[Neworleans-pm] split vs. match

Mon Oct 27 14:27:45 PDT 2008

David, 

Maybe the following will help:

http://oreilly.com/catalog/perlwsmng/chapter/ch08.html

I don't know a whole bunch about parsing tons of text with regexes. I do have one immediate suggestion - that "/g" might not be necessary.
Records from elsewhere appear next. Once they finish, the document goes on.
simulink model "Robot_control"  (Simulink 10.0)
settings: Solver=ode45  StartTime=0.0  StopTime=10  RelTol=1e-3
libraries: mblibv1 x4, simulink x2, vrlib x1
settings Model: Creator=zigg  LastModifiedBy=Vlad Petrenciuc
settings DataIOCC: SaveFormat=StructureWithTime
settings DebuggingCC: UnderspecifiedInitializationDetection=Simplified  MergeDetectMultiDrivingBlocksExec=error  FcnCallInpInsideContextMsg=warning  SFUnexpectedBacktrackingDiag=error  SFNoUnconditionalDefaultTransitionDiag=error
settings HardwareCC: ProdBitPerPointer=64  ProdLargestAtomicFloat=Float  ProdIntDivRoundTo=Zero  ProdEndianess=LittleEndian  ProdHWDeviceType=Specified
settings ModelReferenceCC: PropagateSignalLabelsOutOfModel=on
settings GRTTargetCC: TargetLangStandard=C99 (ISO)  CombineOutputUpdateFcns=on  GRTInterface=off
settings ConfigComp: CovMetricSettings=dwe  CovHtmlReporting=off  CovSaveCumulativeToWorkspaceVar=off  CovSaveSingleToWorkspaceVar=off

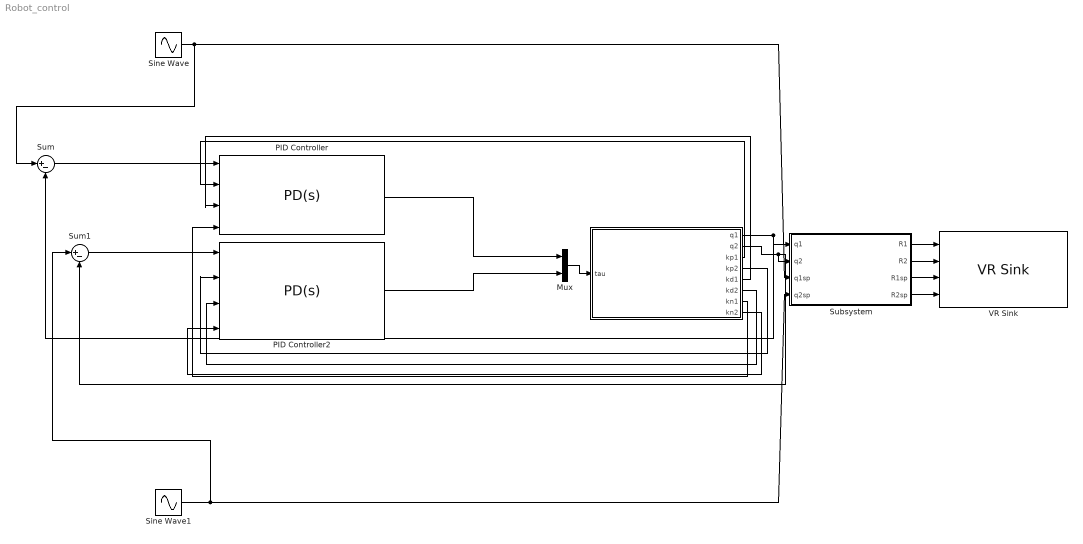
== system Robot_control ==
  "  " : Subsystem
  Mux : Mux  Inputs=2
  PID Controller : simulink/Continuous/PID Controller  Controller=PD  Form=Parallel  TimeDomain=Continuous-time  SampleTime=-1  IntegratorMethod=Forward Euler  FilterMethod=Forward Euler  ControllerParametersSource=external  P=1  I=1  D=0  UseFilter=on  N=100  TunerSelectOption=Transfer Function Based (PID Tuner App)  InitialConditionSource=internal  InitialConditionForIntegrator=0  InitialConditionForFilter=0  DifferentiatorICPrevScaledInput=0  ExternalReset=none  TrackingMode=off  Kt=1  LimitOutput=off  UpperSaturationLimit=inf  LowerSaturationLimit=-inf  LinearizeAsGain=on  AntiWindupMode=none  Kb=1  POutMin=[]  POutMax=[]  IOutMin=[]  IOutMax=[]  DOutMin=[]  DOutMax=[]  NOutMin=[]  NOutMax=[]  SumOutMin=[]  SumOutMax=[]  SaturationOutMin=[]  SaturationOutMax=[]  PParamMin=[]  PParamMax=[]  IParamMin=[]  IParamMax=[]  DParamMin=[]  DParamMax=[]  NParamMin=[]  NParamMax=[]  KbParamMin=[]  KbParamMax=[]  KtParamMin=[]  KtParamMax=[]  KbOutMin=[]  KbOutMax=[]  KtOutMin=[]  KtOutMax=[]  IntegratorOutMin=[]  IntegratorOutMax=[]  FilterOutMin=[]  FilterOutMax=[]  SumI1OutMin=[]  SumI1OutMax=[]  SumI2OutMin=[]  SumI2OutMax=[]  SumI3OutMin=[]  SumI3OutMax=[]  SumI4OutMin=[]  SumI4OutMax=[]  SumDOutMin=[]  SumDOutMax=[]  DifferentiatorOutMin=[]  DifferentiatorOutMax=[]  FilterDiffOutCoefMin=[]  FilterDiffOutCoefMax=[]  ReciprocalOutMin=[]  ReciprocalOutMax=[]  SumDenOutMin=[]  SumDenOutMax=[]  SumNumOutMin=[]  SumNumOutMax=[]  DivideOutMin=[]  DivideOutMax=[]  IntegratorContinuousStateAttributes=''  IntegratorStateMustResolveToSignalObject=off  IntegratorRTWStateStorageClass=Auto  FilterContinuousStateAttributes=''  FilterStateMustResolveToSignalObject=off  FilterRTWStateStorageClass=Auto  ParallelPVariant=ExternalParameters  IdealPVariant=Disabled  IVariant=Disabled  DVariant=ExternalParameters  IntegratorVariant=Disabled  SatVariant=Disabled  AWVariant=Disabled  PCopyVariant=Disabled  TRVariant=Disabled  FdbkBlocksVariant=Forward  IdealPFdbkVariant=Disabled  SatFdbkVariant=Disabled  DerivativeFilterVariant=ContFilter  NVariant=ExternalParameters  NCopyVariant=Disabled  FilterICVariant=InternalICsFilter  IntegratorICVariant=Disabled  ExternalResetVariant=Disabled  TRSumVariant=Passthrough  SumFdbkVariant=Disabled  SumVariant=Sum_PD
  PID Controller2 : simulink/Continuous/PID Controller  Controller=PD  Form=Parallel  TimeDomain=Continuous-time  SampleTime=-1  IntegratorMethod=Forward Euler  FilterMethod=Forward Euler  ControllerParametersSource=external  P=1  I=1  D=0  UseFilter=on  N=100  TunerSelectOption=Transfer Function Based (PID Tuner App)  InitialConditionSource=internal  InitialConditionForIntegrator=0  InitialConditionForFilter=0  DifferentiatorICPrevScaledInput=0  ExternalReset=none  TrackingMode=off  Kt=1  LimitOutput=off  UpperSaturationLimit=inf  LowerSaturationLimit=-inf  LinearizeAsGain=on  AntiWindupMode=none  Kb=1  POutMin=[]  POutMax=[]  IOutMin=[]  IOutMax=[]  DOutMin=[]  DOutMax=[]  NOutMin=[]  NOutMax=[]  SumOutMin=[]  SumOutMax=[]  SaturationOutMin=[]  SaturationOutMax=[]  PParamMin=[]  PParamMax=[]  IParamMin=[]  IParamMax=[]  DParamMin=[]  DParamMax=[]  NParamMin=[]  NParamMax=[]  KbParamMin=[]  KbParamMax=[]  KtParamMin=[]  KtParamMax=[]  KbOutMin=[]  KbOutMax=[]  KtOutMin=[]  KtOutMax=[]  IntegratorOutMin=[]  IntegratorOutMax=[]  FilterOutMin=[]  FilterOutMax=[]  SumI1OutMin=[]  SumI1OutMax=[]  SumI2OutMin=[]  SumI2OutMax=[]  SumI3OutMin=[]  SumI3OutMax=[]  SumI4OutMin=[]  SumI4OutMax=[]  SumDOutMin=[]  SumDOutMax=[]  DifferentiatorOutMin=[]  DifferentiatorOutMax=[]  FilterDiffOutCoefMin=[]  FilterDiffOutCoefMax=[]  ReciprocalOutMin=[]  ReciprocalOutMax=[]  SumDenOutMin=[]  SumDenOutMax=[]  SumNumOutMin=[]  SumNumOutMax=[]  DivideOutMin=[]  DivideOutMax=[]  IntegratorContinuousStateAttributes=''  IntegratorStateMustResolveToSignalObject=off  IntegratorRTWStateStorageClass=Auto  FilterContinuousStateAttributes=''  FilterStateMustResolveToSignalObject=off  FilterRTWStateStorageClass=Auto  ParallelPVariant=ExternalParameters  IdealPVariant=Disabled  IVariant=Disabled  DVariant=ExternalParameters  IntegratorVariant=Disabled  SatVariant=Disabled  AWVariant=Disabled  PCopyVariant=Disabled  TRVariant=Disabled  FdbkBlocksVariant=Forward  IdealPFdbkVariant=Disabled  SatFdbkVariant=Disabled  DerivativeFilterVariant=ContFilter  NVariant=ExternalParameters  NCopyVariant=Disabled  FilterICVariant=InternalICsFilter  IntegratorICVariant=Disabled  ExternalResetVariant=Disabled  TRSumVariant=Passthrough  SumFdbkVariant=Disabled  SumVariant=Sum_PD
  Sine Wave : Sin  SampleTime=0
  Sine Wave1 : Sin  SampleTime=0
  Subsystem : Subsystem
  Sum : Sum  Inputs=|+-
  Sum1 : Sum  Inputs=|+-
  VR Sink : vrlib/VR Sink  InstantiateOnLoad=on  SampleTime=0.1  ViewEnable=on  RemoteChange=off  RemoteView=off  FieldsWritten=Joint1.rotation.4.1.1.double#Joint2.rotation.4.1.1.double#Joint1_SP.rotation.4.1.1.double#Joint2_SP.rotation.4.1.1.double  WorldFileName=my_robot.wrl  AutoView=off  VideoDimensions=[]  AllowVariableSize=off
      settings: SourceProductName=Simulink
  wires:
  Subsystem/1(R1) -> VR Sink/1
  Subsystem/2(R2) -> VR Sink/2
  Subsystem/3(R1sp) -> VR Sink/3
  Subsystem/4(R2sp) -> VR Sink/4
  "  "/1(q1) -> Sum/2, Subsystem/1(q1)
  "  "/2(q2) -> Sum1/2, Subsystem/2(q2)
  Sine Wave1/1 -> Sum1/1, Subsystem/4(q2sp)
  Sine Wave/1 -> Sum/1, Subsystem/3(q1sp)
  Mux/1 -> "  "/1(tau)
  "  "/3(kp1) -> PID Controller/2
  "  "/5(kd1) -> PID Controller/3
  "  "/7(kn1) -> PID Controller/4
  PID Controller/1 -> Mux/1
  "  "/4(kp2) -> PID Controller2/2
  "  "/6(kd2) -> PID Controller2/3
  "  "/8(kn2) -> PID Controller2/4
  Sum/1 -> PID Controller/1
  Sum1/1 -> PID Controller2/1
  PID Controller2/1 -> Mux/2

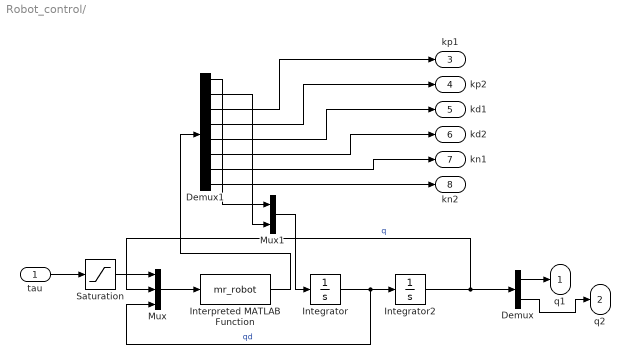
== system Robot_control/   ==
  tau : Inport
  Demux : Demux  Outputs=2
  Demux1 : Demux  Outputs=8
  Integrator : Integrator
  Integrator2 : Integrator  InitialCondition=pi/2*0
  Interpreted MATLAB Function : MATLABFcn  MATLABFcn=mr_robot  OutputDimensions=8
  Mux : Mux  Inputs=3
  Mux1 : Mux  Inputs=2
  Saturation : Saturate  UpperLimit=1.18  LowerLimit=-1.18
  q1 : Outport
  q2 : Outport  Port=2
  kp1 : Outport  Port=3
  kp2 : Outport  Port=4
  kd1 : Outport  Port=5
  kd2 : Outport  Port=6
  kn1 : Outport  Port=7
  kn2 : Outport  Port=8
  wires:
  Interpreted MATLAB Function/1 -> Demux1/1
  Integrator2/1 -> Demux/1, Mux/2  "q"
  Integrator/1 -> Mux/3, Integrator2/1  "qd"
  tau/1 -> Saturation/1
  Mux/1 -> Interpreted MATLAB Function/1
  Demux/1 -> q1/1
  Demux/2 -> q2/1
  Saturation/1 -> Mux/1
  Demux1/3 -> kp1/1
  Demux1/4 -> kp2/1
  Demux1/5 -> kd1/1
  Demux1/6 -> kd2/1
  Demux1/7 -> kn1/1
  Demux1/8 -> kn2/1
  Demux1/1 -> Mux1/1
  Demux1/2 -> Mux1/2
  Mux1/1 -> Integrator/1

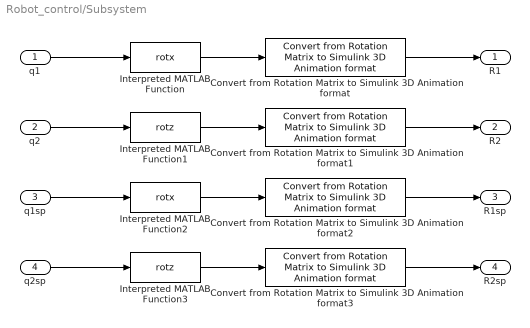
== system Robot_control/Subsystem ==
  q1 : Inport
  q2 : Inport  Port=2
  q1sp : Inport  Port=3
  q2sp : Inport  Port=4
  Convert from Rotation Matrix to Simulink 3D Animation format{,1..3} (4 alike) : mblibv1/Utilities/Convert from Rotation Matrix to Simulink 3D Animation format
      settings: SourceProductName=Simscape Multibody  SourceProductBaseCode=MS
  Interpreted MATLAB Function : MATLABFcn  MATLABFcn=rotx
  Interpreted MATLAB Function1 : MATLABFcn  MATLABFcn=rotz
  Interpreted MATLAB Function2 : MATLABFcn  MATLABFcn=rotx
  Interpreted MATLAB Function3 : MATLABFcn  MATLABFcn=rotz
  R1 : Outport
  R2 : Outport  Port=2
  R1sp : Outport  Port=3
  R2sp : Outport  Port=4
  wires:
  Convert from Rotation Matrix to Simulink 3D Animation format/1 -> R1/1
  Interpreted MATLAB Function/1 -> Convert from Rotation Matrix to Simulink 3D Animation format/1
  Interpreted MATLAB Function1/1 -> Convert from Rotation Matrix to Simulink 3D Animation format1/1
  Interpreted MATLAB Function2/1 -> Convert from Rotation Matrix to Simulink 3D Animation format2/1
  Interpreted MATLAB Function3/1 -> Convert from Rotation Matrix to Simulink 3D Animation format3/1
  q1/1 -> Interpreted MATLAB Function/1
  q2/1 -> Interpreted MATLAB Function1/1
  q1sp/1 -> Interpreted MATLAB Function2/1
  q2sp/1 -> Interpreted MATLAB Function3/1
  Convert from Rotation Matrix to Simulink 3D Animation format1/1 -> R2/1
  Convert from Rotation Matrix to Simulink 3D Animation format2/1 -> R1sp/1
  Convert from Rotation Matrix to Simulink 3D Animation format3/1 -> R2sp/1
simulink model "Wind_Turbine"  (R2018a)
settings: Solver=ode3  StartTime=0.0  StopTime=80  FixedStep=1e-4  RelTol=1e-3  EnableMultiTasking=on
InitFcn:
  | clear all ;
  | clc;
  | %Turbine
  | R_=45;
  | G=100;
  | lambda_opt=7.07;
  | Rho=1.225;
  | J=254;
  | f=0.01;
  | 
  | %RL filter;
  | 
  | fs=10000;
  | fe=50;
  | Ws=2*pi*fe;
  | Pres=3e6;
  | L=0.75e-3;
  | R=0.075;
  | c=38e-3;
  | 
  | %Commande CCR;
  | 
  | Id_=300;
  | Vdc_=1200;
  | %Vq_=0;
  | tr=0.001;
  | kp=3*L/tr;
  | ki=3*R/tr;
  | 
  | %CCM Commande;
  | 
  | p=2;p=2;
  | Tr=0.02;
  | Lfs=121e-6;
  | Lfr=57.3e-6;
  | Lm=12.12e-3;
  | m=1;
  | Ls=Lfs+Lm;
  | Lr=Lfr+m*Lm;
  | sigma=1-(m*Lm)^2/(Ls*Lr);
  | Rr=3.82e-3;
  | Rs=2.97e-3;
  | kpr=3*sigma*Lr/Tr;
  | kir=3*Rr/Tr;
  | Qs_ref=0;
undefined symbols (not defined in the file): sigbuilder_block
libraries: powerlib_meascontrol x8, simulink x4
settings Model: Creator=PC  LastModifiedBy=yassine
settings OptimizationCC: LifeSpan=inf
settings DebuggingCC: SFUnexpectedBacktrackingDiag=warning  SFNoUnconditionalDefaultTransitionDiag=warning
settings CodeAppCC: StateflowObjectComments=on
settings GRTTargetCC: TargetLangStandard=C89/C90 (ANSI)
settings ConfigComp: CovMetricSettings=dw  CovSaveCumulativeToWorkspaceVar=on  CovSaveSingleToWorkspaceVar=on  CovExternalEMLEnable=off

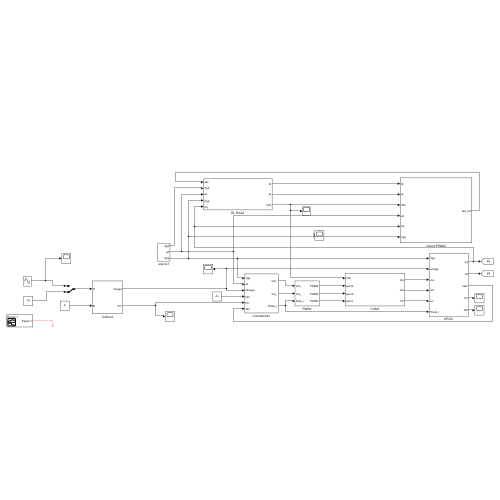
[thumbnail: Simulink's stored preview of the top-level diagram]
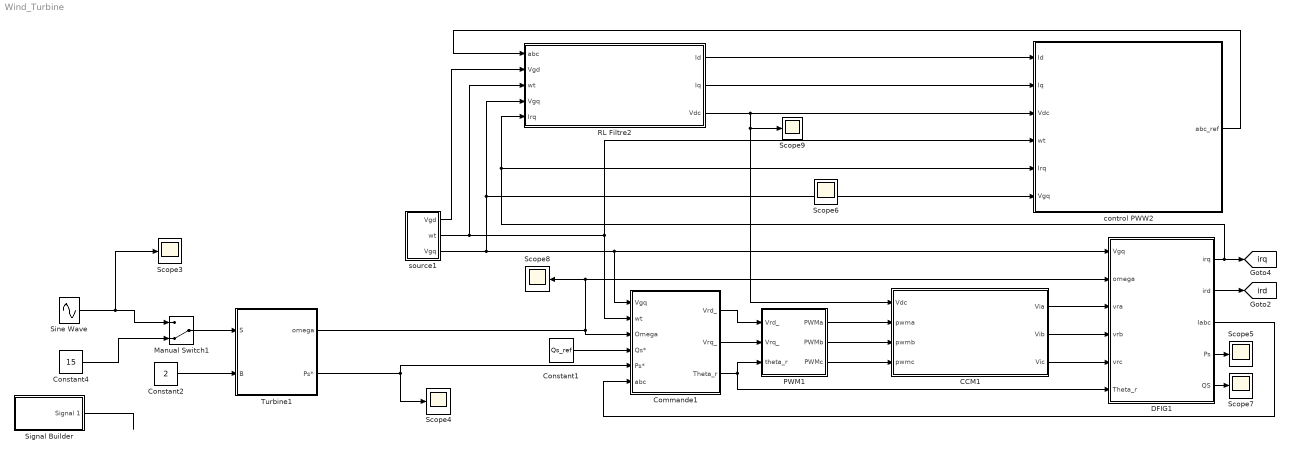
== system Wind_Turbine ==
  CCM1 : Subsystem
  Commande1 : Subsystem
  Constant1 : Constant  Value=Qs_ref
  Constant2 : Constant  Value=2
  Constant4 : Constant  Value=15
  DFIG1 : Subsystem
  Manual Switch1 : ManualSwitch  CurrentSetting=0
  PWM1 : Subsystem
  RL Filtre2 : Subsystem  InitFcn=""
  Scope{3..9} (7 alike) : Scope
  Signal Builder : Subsystem  Tag=STV Subsys  LoadFcn=sigbuilder_block('load');  StartFcn=sigbuilder_block('start');  StopFcn=sigbuilder_block('stop');  ClipboardFcn=sigbuilder_block('clipboard');  mask(Sigbuilder block){tuvar=[0:10]}
      mask help: Simulink:masks:SigbuilderBlock_MD
      mask init:
      | if ~strcmp(get_param(bdroot(gcbh),'SimulationStatus'),'stopped') tuvar = sigbuilder_block('maskInit'); end
      settings: CopyFcn=sigbuilder_block('copy');  DeleteFcn=sigbuilder_block('delete');  ModelCloseFcn=sigbuilder_block('modelClose');  PreSaveFcn=sigbuilder_block('preSave');  PauseFcn=sigbuilder_block('pause');  ContinueFcn=sigbuilder_block('continue');  NameChangeFcn=sigbuilder_block('namechange');  OpenFcn=sigbuilder_block('open',[525.6 43.2 550.8 400.2 ]);  CloseFcn=sigbuilder_block('close');
      mask Display: plot(0, 0, 100, 100,[2, 2, 32, 32, 2], [68, 8, 8, 68, 68],[32, 2], [38, 38], [32, 19, 2],[53, 60, 44], [32, 17, 17, 2],[16, 16, 31, 31]);txt = getActiveGroup(gcbh);text(2, 100, txt,'verticalAlignment', 'top');
  Sine Wave : Sin  Bias=9  Frequency=2*pi*1/80  SampleTime=0
  Turbine1 : Subsystem
  control PWW2 : Subsystem
  source1 : Subsystem
  tag scope: ird=global, irq=global
  wires:
  source1/2(wt) -> Commande1/2(wt), control PWW2/4(wt), RL Filtre2/3(wt)
  CCM1/1(Via) -> DFIG1/3(vra)
  CCM1/2(Vib) -> DFIG1/4(vrb)
  CCM1/3(Vic) -> DFIG1/5(vrc)
  RL Filtre2/3(Vdc) -> CCM1/1(Vdc), Scope9/1, control PWW2/3(Vdc)
  PWM1/2(PWMb) -> CCM1/3(pwmb)
  Commande1/1(Vrd_) -> PWM1/1(Vrd_)
  Commande1/2(Vrq_) -> PWM1/2(Vrq_)
  PWM1/1(PWMa) -> CCM1/2(pwma)
  PWM1/3(PWMc) -> CCM1/4(pwmc)
  source1/3(Vgq) -> Commande1/1(Vgq), DFIG1/1(Vgq), control PWW2/6(Vgq), RL Filtre2/4(Vgq)
  Commande1/3(Theta_r) -> DFIG1/6(Theta_r), PWM1/3(theta_r)
  DFIG1/3(Iabc) -> Commande1/6(abc)
  DFIG1/2(ird) -> [ird]
  Turbine1/1(omega) -> Scope8/1, DFIG1/2(omega), Commande1/3(Omega)
  DFIG1/4(Ps) -> Scope5/1
  DFIG1/5(QS) -> Scope7/1
  control PWW2/1(abc_ref) -> RL Filtre2/1(abc)
  RL Filtre2/1(Id) -> control PWW2/1(Id)
  RL Filtre2/2(Iq) -> control PWW2/2(Iq)
  DFIG1/1(irq) -> [irq], RL Filtre2/5(Irq), control PWW2/5(Irq)
  source1/1(Vgd) -> RL Filtre2/2(Vgd)
  Constant1/1 -> Commande1/4(Qs*)
  Turbine1/2(Ps*) -> Commande1/5(Ps*), Scope4/1
  Constant2/1 -> Turbine1/2(B)
  Sine Wave/1 -> Manual Switch1/1, Scope3/1
  Manual Switch1/1 -> Turbine1/1(S)
  Signal Builder/1(Signal 1) -> ?
  Constant4/1 -> Manual Switch1/2

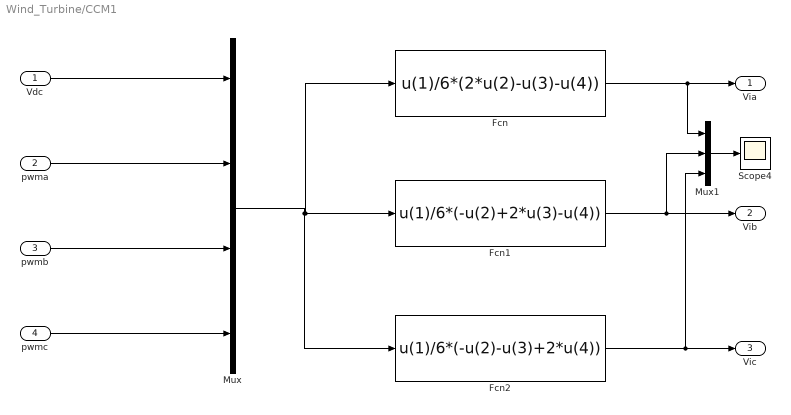
== system Wind_Turbine/CCM1 ==
  Vdc : Inport
  pwma : Inport  Port=2
  pwmb : Inport  Port=3
  pwmc : Inport  Port=4
  Fcn : Fcn  Expr=u(1)/6*(2*u(2)-u(3)-u(4))
  Fcn1 : Fcn  Expr=u(1)/6*(-u(2)+2*u(3)-u(4))
  Fcn2 : Fcn  Expr=u(1)/6*(-u(2)-u(3)+2*u(4))
  Mux : Mux
  Mux1 : Mux  Inputs=3
  Scope4 : Scope
  Via : Outport
  Vib : Outport  Port=2
  Vic : Outport  Port=3
  wires:
  Vdc/1 -> Mux/1
  Mux/1 -> Fcn2/1, Fcn1/1, Fcn/1
  pwma/1 -> Mux/2
  pwmb/1 -> Mux/3
  pwmc/1 -> Mux/4
  Fcn/1 -> Mux1/1, Via/1
  Fcn1/1 -> Vib/1, Mux1/2
  Fcn2/1 -> Vic/1, Mux1/3
  Mux1/1 -> Scope4/1

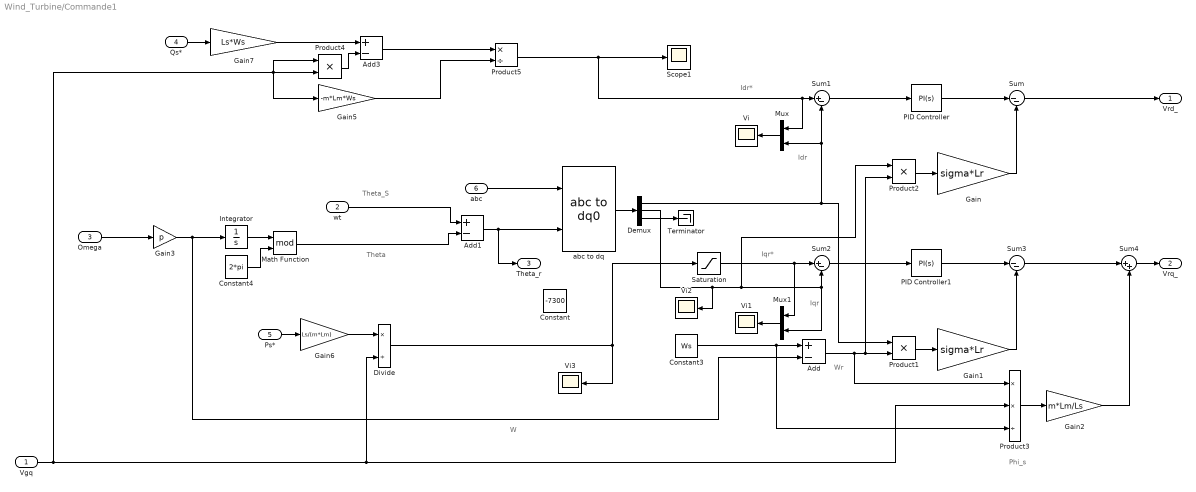
== system Wind_Turbine/Commande1 ==
  note: Theta_S
  note: Theta
  note: W
  note: Wr
  note: Iqr
  note: Idr
  note: Phi_s
  note: Idr*
  note: Iqr*
  Vgq : Inport
  wt : Inport  Port=2
  Omega : Inport  Port=3
  Qs* : Inport  Port=4
  Ps* : Inport  Port=5
  abc : Inport  Port=6
  Add : Sum  Inputs=+-
  Add1 : Sum  Inputs=+-
  Add3 : Sum  Inputs=+-
  Constant : Constant  Value=-7300
  Constant3 : Constant  Value=Ws
  Constant4 : Constant  Value=2*pi
  Demux : Demux  Outputs=3
  Divide : Product  Inputs=*/
  Gain : Gain  Gain=sigma*Lr
  Gain1 : Gain  Gain=sigma*Lr
  Gain2 : Gain  Gain=m*Lm/Ls
  Gain3 : Gain  Gain=p
  Gain5 : Gain  Gain=-m*Lm*Ws
  Gain6 : Gain  Gain=Ls/(m*Lm)
  Gain7 : Gain  Gain=Ls*Ws
  Integrator : Integrator
  Math Function : Math  Operator=mod  SaturateOnIntegerOverflow=on
  Mux : Mux  Inputs=2
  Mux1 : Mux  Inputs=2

Anyway, take a look at that link; it might help.

Cheers,
Brett

On Mon, Oct 27, 2008 at 03:59:32PM -0500, David B. John wrote:
> (perl v5.8.8 on Ubuntu Hardy Heron/2.6.24-21-generic.)
> 
> I have an http logfile I'm trying to parse which looks like:
> 
> 2008:10:24-00:00:06 x.x.x.x httpproxy[4997]: id="0001" severity="info"
> sys="SecureWeb" sub="http" name="http access" action="pass" method="GET"
> srcip="x.x.x.x" user="" statuscode="200" cached="0" profile="profile_0"
> filteraction="action_REF_DefaultHTTPCFFAction" size="78632" time="105
> ms" request="0x90075b60"
> url="http://sb.google.com/safebrowsing/update?client=navclient-auto-ffox&appver=2.0.0.17&version=goog-white-domain:1:481,goog-white-url:1:371,goog-black-url:1:25401,goog-black-enchash:1:62374" error="" category="175,178" categoryname="Software/Hardware,Internet Services" content-type="text/html"
> 
> 
> (Nothing Spectacular.)
> 
> If I loop through the log file and do:
> 
> 	my ($date,$fwip,$proxy,$id,$severity,$sys,$sub,$name,$action,$method,
> $srcip,$user,$statuscode,$cached,$profile,$filteraction,$size,$time,
> $request,$url,$error,$category,$category_name,$content_type) = 
> $_ =~ /\w+=".*?"|\S+/g;
> 
> life is good but could be better (~ 75 seconds on a Hp dc7700S for a
> compressed 500 MB logfile).
> 
> However, I'd really like to use split b/c it's so much faster (~ 15
> seconds).  The problem is if I split, sometimes $name, $time or
> $category_name will include a space within the quotes which I don't want
> to split on (see above).
> 
> I used Text::ParseWords but gave up after waiting 5 minutes.
> 
> I know I can use a regex with split but I'm stumped as to how I would go
> about writing it.  E.g. split on a space except when enclosed in quotes.
> Also, would it theoretically be any faster than the example above since
> it's using regex or should I just live with it?
> 
> Thanks.
> 
> David
> 
> 
> _______________________________________________
> NewOrleans-pm mailing list
> NewOrleans-pm at pm.org
> http://mail.pm.org/mailman/listinfo/neworleans-pm

-- 
B. Estrade
Louisiana Optical Network Initiative
+1.225.578.1920 aim: bz743
:wq